I am having a hard time with this problem on my homework assignment. Here is the problem, and i will show my work below:
If $f( x, y) = -2 x^{2} + 3 y^{2}$, find the value of the directional derivative at the point $( -1, 1)$ in the direction given by the angle $\theta = \frac{2 \pi}{2}$. More specifically, find the directional derivative of f at the point $\left(-1,1\right)$ in the direction of the unit vector determined by the angle $\theta$ in polar coordinates.

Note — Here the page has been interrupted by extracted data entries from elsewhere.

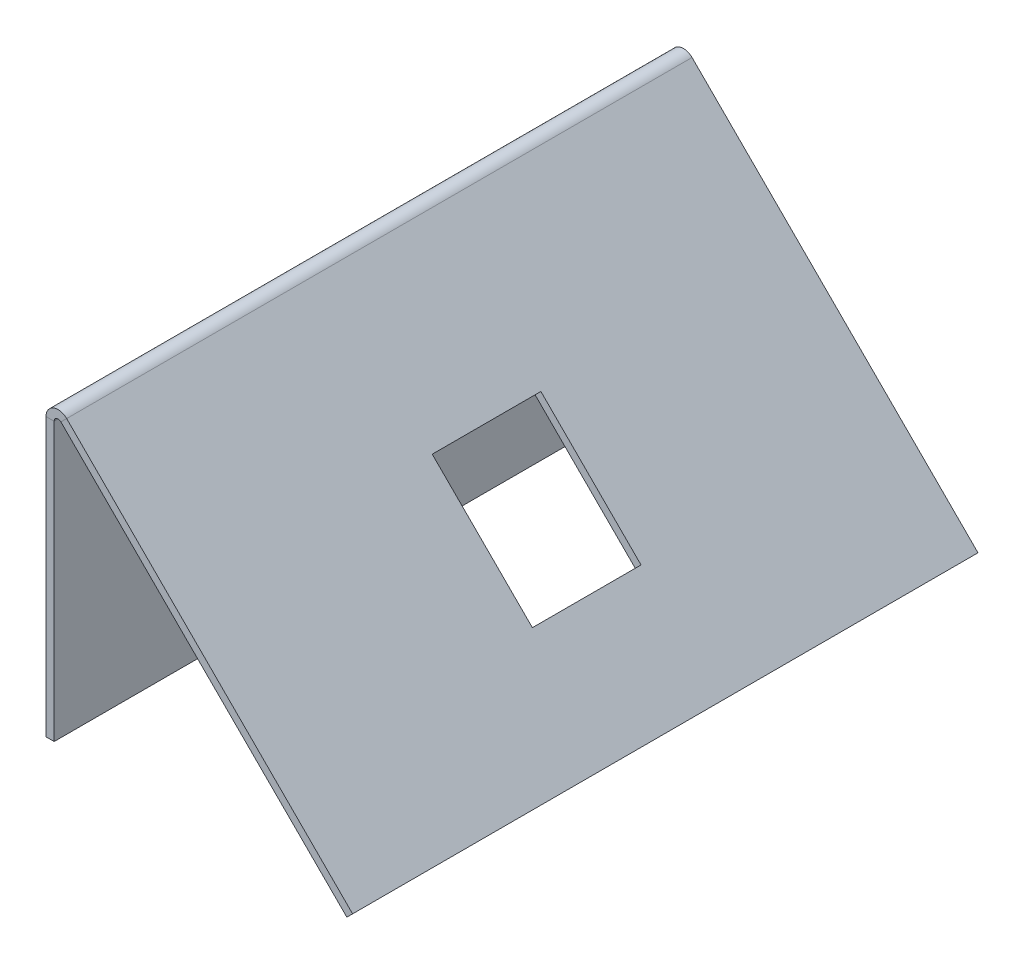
ISO-10303-21;
HEADER;
FILE_DESCRIPTION(('STEP AP214'),'2;1');
FILE_NAME('part.step','',(''),(''),'','','');
FILE_SCHEMA(('AUTOMOTIVE_DESIGN { 1 0 10303 214 1 1 1 1 }'));
ENDSEC;
DATA;
#1=APPLICATION_CONTEXT('core data for automotive mechanical design processes');
#2=APPLICATION_PROTOCOL_DEFINITION('international standard','automotive_design',2000,#1);
#3=PRODUCT_CONTEXT('',#1,'mechanical');
#4=PRODUCT('Part','Part','',(#3));
#5=PRODUCT_RELATED_PRODUCT_CATEGORY('part','',(#4));
#6=PRODUCT_DEFINITION_FORMATION('','',#4);
#7=PRODUCT_DEFINITION_CONTEXT('part definition',#1,'design');
#8=PRODUCT_DEFINITION('design','',#6,#7);
#9=PRODUCT_DEFINITION_SHAPE('','',#8);
#10=(LENGTH_UNIT() NAMED_UNIT(*) SI_UNIT(.MILLI.,.METRE.));
#11=(NAMED_UNIT(*) PLANE_ANGLE_UNIT() SI_UNIT($,.RADIAN.));
#12=(NAMED_UNIT(*) SI_UNIT($,.STERADIAN.) SOLID_ANGLE_UNIT());
#13=UNCERTAINTY_MEASURE_WITH_UNIT(LENGTH_MEASURE(1.E-05),#10,'distance_accuracy_value','');
#14=(GEOMETRIC_REPRESENTATION_CONTEXT(3) GLOBAL_UNCERTAINTY_ASSIGNED_CONTEXT((#13)) GLOBAL_UNIT_ASSIGNED_CONTEXT((#10,
#11,#12)) REPRESENTATION_CONTEXT('',''));
#15=CARTESIAN_POINT('',(0.,0.,0.));
#16=DIRECTION('',(0.,0.,1.));
#17=DIRECTION('',(1.,0.,0.));
#18=AXIS2_PLACEMENT_3D('',#15,#16,#17);
#19=CARTESIAN_POINT('',(-1.0776307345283,56.2074154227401,-116.84));
#20=DIRECTION('',(-0.707106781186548,-0.707106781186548,0.));
#21=DIRECTION('',(0.707106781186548,-0.707106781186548,0.));
#22=AXIS2_PLACEMENT_3D('',#19,#20,#21);
#23=PLANE('',#22);
#24=DIRECTION('',(0.707106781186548,-0.707106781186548,0.));
#25=VECTOR('',#24,1.);
#26=CARTESIAN_POINT('',(-1.0776307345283,56.2074154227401,0.));
#27=LINE('',#26,#25);
#28=CARTESIAN_POINT('',(2.78145485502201,52.3483298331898,0.));
#29=VERTEX_POINT('',#28);
#30=CARTESIAN_POINT('',(56.2074154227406,-1.0776307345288,0.));
#31=VERTEX_POINT('',#30);
#32=EDGE_CURVE('E215',#29,#31,#27,.T.);
#33=ORIENTED_EDGE('',*,*,#32,.F.);
#34=DIRECTION('',(0.,0.,1.));
#35=VECTOR('',#34,1.);
#36=CARTESIAN_POINT('',(2.78145485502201,52.3483298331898,-116.84));
#37=LINE('',#36,#35);
#38=CARTESIAN_POINT('',(2.78145485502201,52.3483298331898,-116.84));
#39=VERTEX_POINT('',#38);
#40=EDGE_CURVE('E261',#39,#29,#37,.T.);
#41=ORIENTED_EDGE('',*,*,#40,.F.);
#42=DIRECTION('',(0.707106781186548,-0.707106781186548,0.));
#43=VECTOR('',#42,1.);
#44=CARTESIAN_POINT('',(-1.0776307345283,56.2074154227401,-116.84));
#45=LINE('',#44,#43);
#46=CARTESIAN_POINT('',(56.2074154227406,-1.0776307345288,-116.84));
#47=VERTEX_POINT('',#46);
#48=EDGE_CURVE('E239',#39,#47,#45,.T.);
#49=ORIENTED_EDGE('',*,*,#48,.T.);
#50=DIRECTION('',(0.,0.,1.));
#51=VECTOR('',#50,1.);
#52=CARTESIAN_POINT('',(56.2074154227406,-1.0776307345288,-116.84));
#53=LINE('',#52,#51);
#54=EDGE_CURVE('E260',#47,#31,#53,.T.);
#55=ORIENTED_EDGE('',*,*,#54,.T.);
#56=EDGE_LOOP('',(#33,#41,#49,#55));
#57=FACE_BOUND('',#56,.T.);
#58=DIRECTION('',(0.,0.,-1.));
#59=VECTOR('',#58,1.);
#60=CARTESIAN_POINT('',(22.7395936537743,32.3901910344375,-116.84));
#61=LINE('',#60,#59);
#62=CARTESIAN_POINT('',(22.7395936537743,32.3901910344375,-48.3420996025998));
#63=VERTEX_POINT('',#62);
#64=CARTESIAN_POINT('',(22.7395936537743,32.3901910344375,-68.6406378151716));
#65=VERTEX_POINT('',#64);
#66=EDGE_CURVE('E172',#63,#65,#61,.T.);
#67=ORIENTED_EDGE('',*,*,#66,.F.);
#68=DIRECTION('',(-0.707106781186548,0.707106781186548,0.));
#69=VECTOR('',#68,1.);
#70=CARTESIAN_POINT('',(-1.0776307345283,56.2074154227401,-48.3420996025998));
#71=LINE('',#70,#69);
#72=CARTESIAN_POINT('',(41.45104501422,13.6787396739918,-48.3420996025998));
#73=VERTEX_POINT('',#72);
#74=EDGE_CURVE('E175',#73,#63,#71,.T.);
#75=ORIENTED_EDGE('',*,*,#74,.F.);
#76=DIRECTION('',(0.,0.,1.));
#77=VECTOR('',#76,1.);
#78=CARTESIAN_POINT('',(41.45104501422,13.6787396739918,-116.84));
#79=LINE('',#78,#77);
#80=CARTESIAN_POINT('',(41.45104501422,13.6787396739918,-68.6406378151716));
#81=VERTEX_POINT('',#80);
#82=EDGE_CURVE('E157',#81,#73,#79,.T.);
#83=ORIENTED_EDGE('',*,*,#82,.F.);
#84=DIRECTION('',(0.707106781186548,-0.707106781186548,0.));
#85=VECTOR('',#84,1.);
#86=CARTESIAN_POINT('',(-1.0776307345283,56.2074154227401,-68.6406378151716));
#87=LINE('',#86,#85);
#88=EDGE_CURVE('E165',#65,#81,#87,.T.);
#89=ORIENTED_EDGE('',*,*,#88,.F.);
#90=EDGE_LOOP('',(#67,#75,#83,#89));
#91=FACE_BOUND('',#90,.T.);
#92=ADVANCED_FACE('F43',(#57,#91),#23,.T.);
#93=CARTESIAN_POINT('',(0.,57.2850461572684,-116.84));
#94=DIRECTION('',(-0.707106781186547,-0.707106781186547,0.));
#95=DIRECTION('',(0.707106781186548,-0.707106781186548,0.));
#96=AXIS2_PLACEMENT_3D('',#93,#94,#95);
#97=PLANE('',#96);
#98=DIRECTION('',(0.707106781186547,-0.707106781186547,0.));
#99=VECTOR('',#98,1.);
#100=CARTESIAN_POINT('',(0.,57.2850461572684,0.));
#101=LINE('',#100,#99);
#102=CARTESIAN_POINT('',(3.85908558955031,53.4259605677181,0.));
#103=VERTEX_POINT('',#102);
#104=CARTESIAN_POINT('',(57.2850461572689,-5.00358550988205E-13,0.));
#105=VERTEX_POINT('',#104);
#106=EDGE_CURVE('E223',#103,#105,#101,.T.);
#107=ORIENTED_EDGE('',*,*,#106,.T.);
#108=DIRECTION('',(0.,0.,1.));
#109=VECTOR('',#108,1.);
#110=CARTESIAN_POINT('',(57.2850461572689,-5.00358550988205E-13,-116.84));
#111=LINE('',#110,#109);
#112=CARTESIAN_POINT('',(57.2850461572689,-5.00358550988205E-13,-116.84));
#113=VERTEX_POINT('',#112);
#114=EDGE_CURVE('E279',#113,#105,#111,.T.);
#115=ORIENTED_EDGE('',*,*,#114,.F.);
#116=DIRECTION('',(0.707106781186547,-0.707106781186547,0.));
#117=VECTOR('',#116,1.);
#118=CARTESIAN_POINT('',(0.,57.2850461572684,-116.84));
#119=LINE('',#118,#117);
#120=CARTESIAN_POINT('',(3.85908558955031,53.4259605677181,-116.84));
#121=VERTEX_POINT('',#120);
#122=EDGE_CURVE('E244',#121,#113,#119,.T.);
#123=ORIENTED_EDGE('',*,*,#122,.F.);
#124=DIRECTION('',(0.,0.,1.));
#125=VECTOR('',#124,1.);
#126=CARTESIAN_POINT('',(3.85908558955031,53.4259605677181,-116.84));
#127=LINE('',#126,#125);
#128=EDGE_CURVE('E276',#121,#103,#127,.T.);
#129=ORIENTED_EDGE('',*,*,#128,.T.);
#130=EDGE_LOOP('',(#107,#115,#123,#129));
#131=FACE_BOUND('',#130,.T.);
#132=DIRECTION('',(0.707106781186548,-0.707106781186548,0.));
#133=VECTOR('',#132,1.);
#134=CARTESIAN_POINT('',(0.,57.2850461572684,-48.3420996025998));
#135=LINE('',#134,#133);
#136=CARTESIAN_POINT('',(42.5286757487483,14.7563704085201,-48.3420996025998));
#137=VERTEX_POINT('',#136);
#138=CARTESIAN_POINT('',(23.8172243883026,33.4678217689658,-48.3420996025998));
#139=VERTEX_POINT('',#138);
#140=EDGE_CURVE('E171',#137,#139,#135,.F.);
#141=ORIENTED_EDGE('',*,*,#140,.T.);
#142=DIRECTION('',(0.,0.,1.));
#143=VECTOR('',#142,1.);
#144=CARTESIAN_POINT('',(23.8172243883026,33.4678217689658,-116.84));
#145=LINE('',#144,#143);
#146=CARTESIAN_POINT('',(23.8172243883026,33.4678217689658,-68.6406378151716));
#147=VERTEX_POINT('',#146);
#148=EDGE_CURVE('E170',#139,#147,#145,.F.);
#149=ORIENTED_EDGE('',*,*,#148,.T.);
#150=DIRECTION('',(0.707106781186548,-0.707106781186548,0.));
#151=VECTOR('',#150,1.);
#152=CARTESIAN_POINT('',(0.,57.2850461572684,-68.6406378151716));
#153=LINE('',#152,#151);
#154=CARTESIAN_POINT('',(42.5286757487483,14.7563704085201,-68.6406378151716));
#155=VERTEX_POINT('',#154);
#156=EDGE_CURVE('E162',#147,#155,#153,.T.);
#157=ORIENTED_EDGE('',*,*,#156,.T.);
#158=DIRECTION('',(0.,0.,1.));
#159=VECTOR('',#158,1.);
#160=CARTESIAN_POINT('',(42.5286757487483,14.7563704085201,-116.84));
#161=LINE('',#160,#159);
#162=EDGE_CURVE('E152',#155,#137,#161,.T.);
#163=ORIENTED_EDGE('',*,*,#162,.T.);
#164=EDGE_LOOP('',(#141,#149,#157,#163));
#165=FACE_BOUND('',#164,.T.);
#166=ADVANCED_FACE('F169',(#131,#165),#97,.F.);
#167=CARTESIAN_POINT('',(1.524,0.,-116.84));
#168=DIRECTION('',(1.,0.,0.));
#169=DIRECTION('',(0.,0.,-1.));
#170=AXIS2_PLACEMENT_3D('',#167,#168,#169);
#171=PLANE('',#170);
#172=DIRECTION('',(0.,1.,0.));
#173=VECTOR('',#172,1.);
#174=CARTESIAN_POINT('',(1.524,0.,0.));
#175=LINE('',#174,#173);
#176=CARTESIAN_POINT('',(1.524,0.,0.));
#177=VERTEX_POINT('',#176);
#178=CARTESIAN_POINT('',(1.524,51.8274749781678,0.));
#179=VERTEX_POINT('',#178);
#180=EDGE_CURVE('E233',#177,#179,#175,.T.);
#181=ORIENTED_EDGE('',*,*,#180,.F.);
#182=DIRECTION('',(0.,0.,1.));
#183=VECTOR('',#182,1.);
#184=CARTESIAN_POINT('',(1.524,0.,-116.84));
#185=LINE('',#184,#183);
#186=CARTESIAN_POINT('',(1.524,0.,-116.84));
#187=VERTEX_POINT('',#186);
#188=EDGE_CURVE('E268',#187,#177,#185,.T.);
#189=ORIENTED_EDGE('',*,*,#188,.F.);
#190=DIRECTION('',(0.,1.,0.));
#191=VECTOR('',#190,1.);
#192=CARTESIAN_POINT('',(1.524,0.,-116.84));
#193=LINE('',#192,#191);
#194=CARTESIAN_POINT('',(1.524,51.8274749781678,-116.84));
#195=VERTEX_POINT('',#194);
#196=EDGE_CURVE('E254',#187,#195,#193,.T.);
#197=ORIENTED_EDGE('',*,*,#196,.T.);
#198=DIRECTION('',(0.,0.,1.));
#199=VECTOR('',#198,1.);
#200=CARTESIAN_POINT('',(1.524,51.8274749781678,-116.84));
#201=LINE('',#200,#199);
#202=EDGE_CURVE('E265',#195,#179,#201,.T.);
#203=ORIENTED_EDGE('',*,*,#202,.T.);
#204=EDGE_LOOP('',(#181,#189,#197,#203));
#205=FACE_BOUND('',#204,.T.);
#206=DIRECTION('',(0.,-1.,0.));
#207=VECTOR('',#206,1.);
#208=CARTESIAN_POINT('',(1.524,0.,-48.3420996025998));
#209=LINE('',#208,#207);
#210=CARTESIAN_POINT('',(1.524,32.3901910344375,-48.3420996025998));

To find the directional derivative, i know you need to find the partial derivative with respect to x, and then to y as shown below:
$$fx(x,y)=-4x$$ $$fy(x,y)=6y$$
Then because we want the directional derivative at point P, we evaluate at point P:
$$\nabla f=4i+6j$$
Now the next step is to multiply the gradient by the directional vector, and that will give the final directional derivative. I just don't know what the hint is implying when is says use the polar coordinates to find the direction of the unit vector. What i do know about polar coordinates is:
$$x=rcos \theta$$ $$y=rsin\theta$$
But after that i don't know how to use it. Any help? Thanks!
Best Answer
The unit vector determined by the angle $\theta$ in polar coordinates is: $$\cos\theta\; i + \sin\theta\; j = \cos\pi\; i + \sin\pi\; j = -1\;i + 0\;j$$ I think you must have the projection of $\nabla f=4i+6j$ on this unit vector: $$(4i+6j)\cdot(-1i+0j)\times(-1i+0j) = 4i+0j$$ Here $(\cdot)$ is the inner product and $(\times)$ the scalar times vector product.